Hay gente que posee especial predilección por repartir halagos, lo que asume con profesionalidad para caer bien y crearse una imagen de gracioso. Jamás ven la mancha, aunque esta tape al mismísimo sol.
Se les aprecia repartiendo besos, apretones de mano y abrazos, obsequiosos y prestos siempre a desenvainar la frivolidad a fin de alabar hasta al que se le ocurrió desaparecer el agua fría, o inventar el picadillo de cáscara de plátano burro.
Los hay que exprimen el don de la alabanza desmedida con la intención de escalar o resolver algún problema de los que nos agobian; mientras otros lo concretan por puro instinto de conservación, al acuñar el «para qué coger lucha, resuelva y olvídese de la vida».
Los apologistas son enfermos a justificarlo todo, además de circunscribir los desaciertos a términos de excepcionalidad, de hechos aislados —una palabrita que les encanta—, independientemente de que pululen igual que las marañas a costa de la necesidad ajena.
Su pensamiento está restringido al vocablo justificación. Si en medio del carnaval desaparecieron en Santa Clara durante horas y horas la cerveza, explican de inmediato «que la fábrica tiene una línea rota, o que se le ponchó una goma a la pipa», y rematan, «por favor, no sean desconsiderados. Qué más pedir si hay carnavales».
Nunca se les ocurre decir que es un hecho inédito, el colmo de los colmos. O indagar el por qué con tantísimos equipos de audio no apareció nadie que, al menos, esclareciera lo que pasaba para evitar la ansiedad por la evaporación ambarina.
Ellos sacan la justificación de debajo de la manga, sin sonrojarse siquiera. Las lluvias devienen blanco continuo de sus elucubraciones. Si hay sequía, la esgrimen para acreditar hasta la falta de cigarros en los merenderos. Si ocurren sostenidos aguaceros, los culpan de que el picadillo de soya haya venido como aguado.
Ahora mismo, cuando la gente comprobó compungida que al llamado chicharrón de viento, que era una luna completa cotizada a un peso, le aplicaron el menguante y la dejaron a la mitad, lejos de discrepar, el apologista razonó:
«Señores, lo que pasa es que escasea esa materia prima y decidieron reducirlo para que alcanzara para todos… es un gesto humano, digno de encomio». Y ante la sencilla pregunta de por qué no disminuyeron el precio para el consumidor en igual proporción al recorte del chicharrón, la mundial: «Con el análisis y papeleo que hay que hacer para bajar un precio, sería imposible de sopetón, eso lleva años de profunda reflexión de los diversos factores».

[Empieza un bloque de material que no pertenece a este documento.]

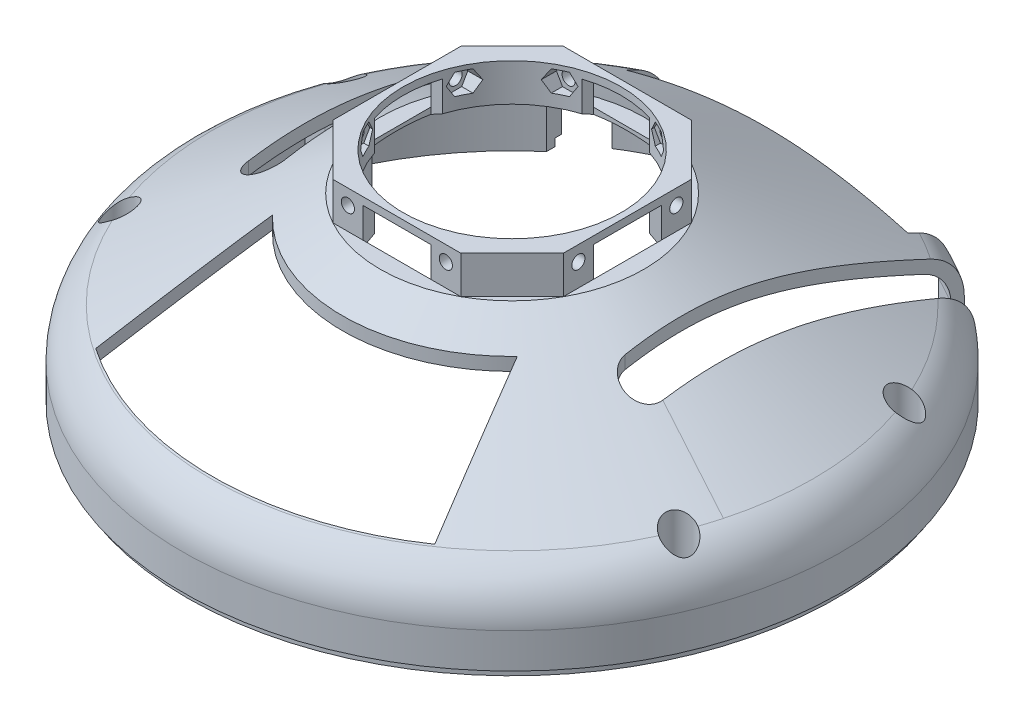
SolidWorks part; units mm, degrees
ref_plane "Front Plane" through (0, 0, 0) normal (0, 0, 1) x (1, 0, 0)
ref_plane "Top Plane" through (0, 0, 0) normal (0, 1, 0) x (1, 0, 0)
ref_plane "Right Plane" through (0, 0, 0) normal (1, 0, 0) x (0, 0, -1)
sketch "Sketch1" plane through (0, 0, 0) normal (0, 0, 1) x (1, 0, 0)
  line L0 (0, 0) -> (-87.5, 0)
  line L1 (-87.5, 0) -> (-87.5, 11.2952)
  line L2 (-79.9421, 24.3188) -> (-35, 50)
  line L3 (-35, 50) -> (0, 50)
  line L4 (0, 50) -> (0, 0)
  arc A0 (-87.5, 11.2952) -> (-79.9421, 24.3188) centre (-72.5, 11.2952) cw
  point P8 (-87.5, 20)
  dimension "D5" = 15
  dimension "D1" = 87.5
  dimension "D2" = 50
  dimension "D3" = 20
  dimension "D4" = 35
revolve "Revolve1" add sketch "Sketch1" angle 360 about L4
shell "Shell2" thickness 3
sketch "Sketch4" plane through (0, 0, 0) normal (0, 1, 0) x (1, 0, 0)
  line L1 (-37.5, 107.5) -> (37.5, 107.5)
  line L2 (-37.5, 107.5) -> (-37.5, 67.5)
  line L3 (-37.5, 67.5) -> (37.5, 67.5)
  line L4 (37.5, 107.5) -> (37.5, 67.5)
  line L5 (-37.5, 107.5) -> (37.5, 67.5) construction
  line L6 (-37.5, 67.5) -> (37.5, 107.5) construction
  circle A0 centre (0, 0) radius 87.5 construction
  point P0 (0, 87.5)
  dimension "D1" = 75
  dimension "D2" = 40
extrude "Cut-Extrude2" cut sketch "Sketch4" along normal through all
sketch "Sketch5" plane through (0, 0, 0) normal (0, -1, 0) x (1, 0, 0)
  circle A0 centre (0, 0) radius 86
  arc A1 (37.5, -79.0569) -> (-37.5, -79.0569) centre (0, 0) ccw construction
  dimension "D1" = 1.5
extrude "Cut-Extrude3" cut sketch "Sketch5" against normal blind 2
sketch "Sketch7" plane through (0, 0, 0) normal (0, -1, 0) x (1, 0, 0)
  line L0 (-74.1747, 29.9685) -> (0, 0) construction
  line L1 (0, 0) -> (-74.1747, 0) construction
  line L2 (-71.0454, 33.8682) -> (-75.68, 37.5872)
  line L3 (-75.68, 37.5872) -> (-80.5498, 25.5338) construction
  line L4 (-80.5498, 25.5338) -> (-74.6326, 24.9895)
  line L5 (-78.1149, 31.5605) -> (-74.1747, 29.9685) construction
  circle A0 centre (-74.1747, 29.9685) radius 1.75
  arc A1 (-74.6326, 24.9895) -> (-71.0454, 33.8682) centre (-74.1747, 29.9685) ccw
  arc A3 (-75.68, 37.5872) -> (-80.5498, 25.5338) centre (0, 0) ccw
  arc A4 (37.5, -75.7232) -> (-37.5, -75.7232) centre (0, 0) ccw construction
  point P15 (-74.1747, 0)
  dimension "D2" = 3.5
  dimension "D3" = 10
  dimension "D1" = 80
  dimension "D4" = 22
  dimension "D5" = 13
extrude "Boss-Extrude1" add sketch "Sketch7" against normal up to next
sketch "Sketch8" plane through (0, 50, 0) normal (0, 1, 0) x (1, 0, 0)
  circle A0 centre (-74.1747, -29.9685) radius 4
  circle A1 centre (-74.1747, -29.9685) radius 1.75 construction
  circle A2 centre (-74.1747, -29.9685) radius 1.75 construction
  dimension "D2" = 8
extrude "Cut-Extrude4" cut sketch "Sketch8" against normal blind 43
mirror "Mirror1" about plane through (0, 0, 0) normal (1, 0, 0) of "Boss-Extrude1", "Cut-Extrude4" second plane through (0, 0, 0) second plane normal (0, 0, 1)
sketch "Sketch9" plane through (0, 0, 0) normal (0, 1, 0) x (1, 0, 0)
  line L0 (-50, 82.5) -> (-50, -15) construction
  line L1 (-45, 82.5) -> (-45, -15)
  line L2 (-55, 82.5) -> (-55, -15)
  line L3 (50, -15) -> (50, 82.5) construction
  line L4 (45, -15) -> (45, 82.5)
  line L5 (55, -15) -> (55, 82.5)
  line L6 (-50, 82.5) -> (50, 82.5) construction
  line L7 (-50, -15) -> (50, -15) construction
  line L8 (0, 0) -> (0, -15) construction
  line L9 (37.5, 67.5) -> (-37.5, 67.5) construction
  arc A0 (-45, 82.5) -> (-55, 82.5) centre (-50, 82.5) ccw
  arc A1 (-55, -15) -> (-45, -15) centre (-50, -15) ccw
  arc A2 (45, -15) -> (55, -15) centre (50, -15) ccw
  arc A3 (55, 82.5) -> (45, 82.5) centre (50, 82.5) ccw
  point P2 (-50, 33.75)
  point P7 (50, 33.75)
  dimension "D1" = 100
  dimension "D2" = 15
  dimension "D3" = 10
  dimension "D4" = 15
extrude "Cut-Extrude5" cut sketch "Sketch9" along normal through all
sketch "Sketch10" plane through (0, 0, 0) normal (0, 1, 0) x (1, 0, 0)
  line L0 (-32.5, -31.1247) -> (-45, -65.5382)
  line L1 (-45, -65.5382) -> (45, -65.5382) construction
  line L2 (45, -65.5382) -> (32.5, -31.1247)
  line L3 (32.5, -31.1247) -> (-32.5, -31.1247) construction
  arc A0 (-32.5, -31.1247) -> (32.5, -31.1247) centre (0, 0) ccw
  arc A1 (-45, -65.5382) -> (45, -65.5382) centre (0, 0) ccw
  arc A2 (-55, 68.0533) -> (55, 68.0533) centre (0, 0) ccw construction
  circle A4 centre (0, 0) radius 35 construction
  dimension "D1" = 8
  dimension "D2" = 10
  dimension "D3" = 90
  dimension "D4" = 65
extrude "Cut-Extrude6" cut sketch "Sketch10" along normal through all
sketch "Sketch11" plane through (0, 50, 0) normal (0, 1, 0) x (1, 0, 0)
  line L1 (-17, 30.5941) -> (-30.5941, 17)
  line L2 (-30.5941, 17) -> (-30.5941, -17)
  line L3 (-30.5941, -17) -> (-17, -30.5941)
  line L4 (-17, -30.5941) -> (17, -30.5941)
  line L5 (17, -30.5941) -> (30.5941, -17)
  line L6 (30.5941, -17) -> (30.5941, 17)
  line L7 (30.5941, 17) -> (17, 30.5941)
  line L8 (17, 30.5941) -> (-17, 30.5941)
  circle A0 centre (0, 0) radius 28.9533 construction
  circle A3 centre (0, 0) radius 28.9533
  circle A4 centre (0, 0) radius 35 construction
  dimension "D1" = 34
extrude "Boss-Extrude2" add sketch "Sketch11" along normal blind 10
sketch "Sketch13" plane through (0, 0, 30.5941) normal (0, 0, 1) x (1, 0, 0)
  line L0 (0, 58) -> (0, 60) construction
  line L1 (-9, 58) -> (9, 58)
  line L2 (-9, 58) -> (-9, 48)
  line L3 (-9, 48) -> (9, 48)
  line L4 (9, 58) -> (9, 48)
  line L5 (-9, 58) -> (9, 48) construction
  line L6 (-9, 48) -> (9, 58) construction
  line L7 (-17, 60) -> (17, 60) construction
  line L8 (-13, 56) -> (13, 56) construction
  line L9 (0, 56) -> (0, 58) construction
  circle A0 centre (-13, 56) radius 1.75
  circle A1 centre (13, 56) radius 1.75
  point P0 (0, 53)
  dimension "D2" = 3.5
  dimension "D1" = 26
  dimension "D3" = 4
  dimension "D4" = 2
  dimension "D5" = 18
  dimension "D6" = 10
extrude "Cut-Extrude7" cut sketch "Sketch13" against normal blind 10
sketch "Sketch14" plane through (0, 0, 0) normal (0, 0, 1) x (1, 0, 0)
  line L1 (-9.7668, 56) -> (-11.3834, 58.8)
  line L2 (-11.3834, 58.8) -> (-14.6166, 58.8)
  line L3 (-14.6166, 58.8) -> (-16.2332, 56)
  line L4 (-16.2332, 56) -> (-14.6166, 53.2)
  line L5 (-14.6166, 53.2) -> (-11.3834, 53.2)
  line L6 (-11.3834, 53.2) -> (-9.7668, 56)
  line L7 (16.2332, 56) -> (14.6166, 58.8)
  line L8 (14.6166, 58.8) -> (11.3834, 58.8)
  line L9 (11.3834, 58.8) -> (9.7668, 56)
  line L10 (9.7668, 56) -> (11.3834, 53.2)
  line L11 (11.3834, 53.2) -> (14.6166, 53.2)
  line L12 (14.6166, 53.2) -> (16.2332, 56)
  circle A0 centre (-13, 56) radius 2.8 construction
  circle A1 centre (13, 56) radius 2.8 construction
  dimension "D1" = 5.6
extrude "Cut-Extrude8" cut sketch "Sketch14" along normal blind 28
pattern_circular "CirPattern1" count 4 over 360 about axis through (0, 0, 0) along (0, 1, 0) of "Cut-Extrude7", "Cut-Extrude8"
sketch "Sketch15" plane through (0, 2, 0) normal (0, -1, 0) x (1, 0, 0)
  line L0 (45, -73.2871) -> (45, -71.521) construction
  line L1 (37.5, -75.7232) -> (37.5, -77.3935) construction
  line L2 (-55, -66.1135) -> (-55, -64.1502)
  line L3 (55, -64.1502) -> (55, -66.1135)
  line L4 (-55, -66.1135) -> (-55, -64.1502)
  line L5 (55, -64.1502) -> (55, -66.1135)
  line L6 (-45, -71.521) -> (-45, -73.2871) construction
  line L7 (-37.5, -77.3935) -> (-37.5, -75.7232) construction
  line L8 (45, -73.2871) -> (45, -71.521)
  line L9 (37.5, -75.7232) -> (37.5, -77.3935)
  line L10 (-45, -71.521) -> (-45, -73.2871)
  line L11 (-37.5, -77.3935) -> (-37.5, -75.7232)
  arc A0 (37.5, -77.3935) -> (45, -73.2871) centre (0, 0) ccw construction
  arc A1 (37.5, -75.7232) -> (45, -71.521) centre (0, 0) ccw construction
  arc A2 (-45, -71.521) -> (-37.5, -75.7232) centre (0, 0) ccw construction
  arc A3 (-45, -73.2871) -> (-37.5, -77.3935) centre (0, 0) ccw construction
  arc A4 (37.5, -77.3935) -> (45, -73.2871) centre (0, 0) ccw
  arc A5 (37.5, -75.7232) -> (45, -71.521) centre (0, 0) ccw
  arc A6 (-45, -71.521) -> (-37.5, -75.7232) centre (0, 0) ccw
  arc A7 (-45, -73.2871) -> (-37.5, -77.3935) centre (0, 0) ccw
  arc A9 (55, -66.1135) -> (-55, -66.1135) centre (0, 0) ccw
  arc A10 (-75.68, -37.5872) -> (-55, -64.1502) centre (0, 0) ccw
  arc A11 (-80.5498, -25.5338) -> (-75.68, -37.5872) centre (0, 0) ccw
  arc A12 (-80.5498, 25.5338) -> (-80.5498, -25.5338) centre (0, 0) ccw
  arc A13 (-75.68, 37.5872) -> (-80.5498, 25.5338) centre (0, 0) ccw
  arc A14 (75.68, 37.5872) -> (-75.68, 37.5872) centre (0, 0) ccw
  arc A15 (80.5498, 25.5338) -> (75.68, 37.5872) centre (0, 0) ccw
  arc A16 (80.5498, -25.5338) -> (80.5498, 25.5338) centre (0, 0) ccw
  arc A17 (55, -64.1502) -> (75.68, -37.5872) centre (0, 0) ccw
  arc A18 (55, -66.1135) -> (-55, -66.1135) centre (0, 0) ccw
  arc A19 (-75.68, -37.5872) -> (-55, -64.1502) centre (0, 0) ccw
  arc A20 (-80.5498, -25.5338) -> (-75.68, -37.5872) centre (0, 0) ccw
  arc A21 (-80.5498, 25.5338) -> (-80.5498, -25.5338) centre (0, 0) ccw
  arc A22 (-75.68, 37.5872) -> (-80.5498, 25.5338) centre (0, 0) ccw
  arc A23 (75.68, 37.5872) -> (-75.68, 37.5872) centre (0, 0) ccw
  arc A24 (80.5498, 25.5338) -> (75.68, 37.5872) centre (0, 0) ccw
  arc A25 (80.5498, -25.5338) -> (80.5498, 25.5338) centre (0, 0) ccw
  arc A26 (55, -64.1502) -> (75.68, -37.5872) centre (0, 0) ccw
  arc A28 (75.68, -37.5872) -> (80.5498, -25.5338) centre (0, 0) ccw
  arc A29 (75.68, -37.5872) -> (80.5498, -25.5338) centre (0, 0) ccw
  dimension "D1" = 0
extrude "Boss-Extrude3" add sketch "Sketch15" along normal blind 2
sketch "Sketch16" plane through (0, 0, 0) normal (0, -1, 0) x (1, 0, 0)
  line L0 (55, -64.1502) -> (55, -68.0533) construction
  line L1 (-55, -68.0533) -> (-55, -66.3735)
  line L2 (55, -66.3735) -> (55, -68.0533)
  line L3 (45, -75.0417) -> (45, -71.521) construction
  line L4 (37.5, -75.7232) -> (37.5, -79.0569) construction
  line L5 (-37.5, -79.0569) -> (-37.5, -75.7232) construction
  line L6 (-45, -71.521) -> (-45, -75.0417) construction
  line L7 (45, -75.0417) -> (45, -71.521)
  line L8 (37.5, -75.7232) -> (37.5, -79.0569)
  line L9 (-37.5, -79.0569) -> (-37.5, -75.7232)
  line L10 (-45, -71.521) -> (-45, -75.0417)
  arc A0 (55, -68.0533) -> (-55, -68.0533) centre (0, 0) ccw construction
  arc A1 (55, -68.0533) -> (-55, -68.0533) centre (0, 0) ccw
  arc A2 (55, -66.3735) -> (-55, -66.3735) centre (0, 0) ccw
  arc A3 (54.1829, -67.0422) -> (-54.1829, -67.0422) centre (0, 0) ccw construction
  arc A4 (37.5, -79.0569) -> (45, -75.0417) centre (0, 0) ccw construction
  arc A5 (37.5, -75.7232) -> (45, -71.521) centre (0, 0) ccw construction
  arc A6 (-45, -71.521) -> (-37.5, -75.7232) centre (0, 0) ccw construction
  arc A7 (-45, -75.0417) -> (-37.5, -79.0569) centre (0, 0) ccw construction
  arc A8 (37.5, -79.0569) -> (45, -75.0417) centre (0, 0) ccw
  arc A9 (37.5, -75.7232) -> (45, -71.521) centre (0, 0) ccw
  arc A10 (-45, -71.521) -> (-37.5, -75.7232) centre (0, 0) ccw
  arc A11 (-45, -75.0417) -> (-37.5, -79.0569) centre (0, 0) ccw
  dimension "D1" = 1.3
extrude "Cut-Extrude9" cut sketch "Sketch16" against normal blind 2

En el delirio de su comportamiento, se sorprende ante la alarma general debida a que los carretoneros decidieron aumentar, en medio de la fiesta, el pasaje a dos pesos por persona desde el Sandino hasta la calle J. Y lo mismo en otras rutas, y lo mismo con determinados productos: ese bistec transparente de cerdo lo clavaron a siete pesos; un tamalito, a tres; unos espaguetis, 20, y el bocadito de carne hecha hilo a mano limpia, a cinco...
Claro, estábamos en el carnaval, devenido en un puro hecho mercantil más que cultural, que semeja un río revuelto en que todos los trastazos van a parar contra el consumidor.
El apologista explica el por qué fácil: «No sean abusadores, ciertos inspectores también tienen derecho al descanso retribuido, y a determinados administrativos, pobrecitos, el ajetreo del cálculo de las ganancias no los deja ni ver, y muchos menos oír».
Ahí mismito le brota al regalador de halagos, de manera diáfana, parte esencial de su filosofía de comodín, ese mal que corroe, que consiste en dejar hacer y deshacer.
Mucho, pero mucho cuidado con los que andan por ahí ensalzando y ensalzando, pues son los que conviven con la ineficiencia y la maraña, sin levantar un dedo para tratar de conjurarla.
La apología enturbia los sentidos, resquebraja la credibilidad y, en última instancia, encandila porque desvirtúa la realidad, intenta pasar lo malo enmascarado de bueno en una complicidad hecha a la medida de los que les da lo mismo una cosa que otra.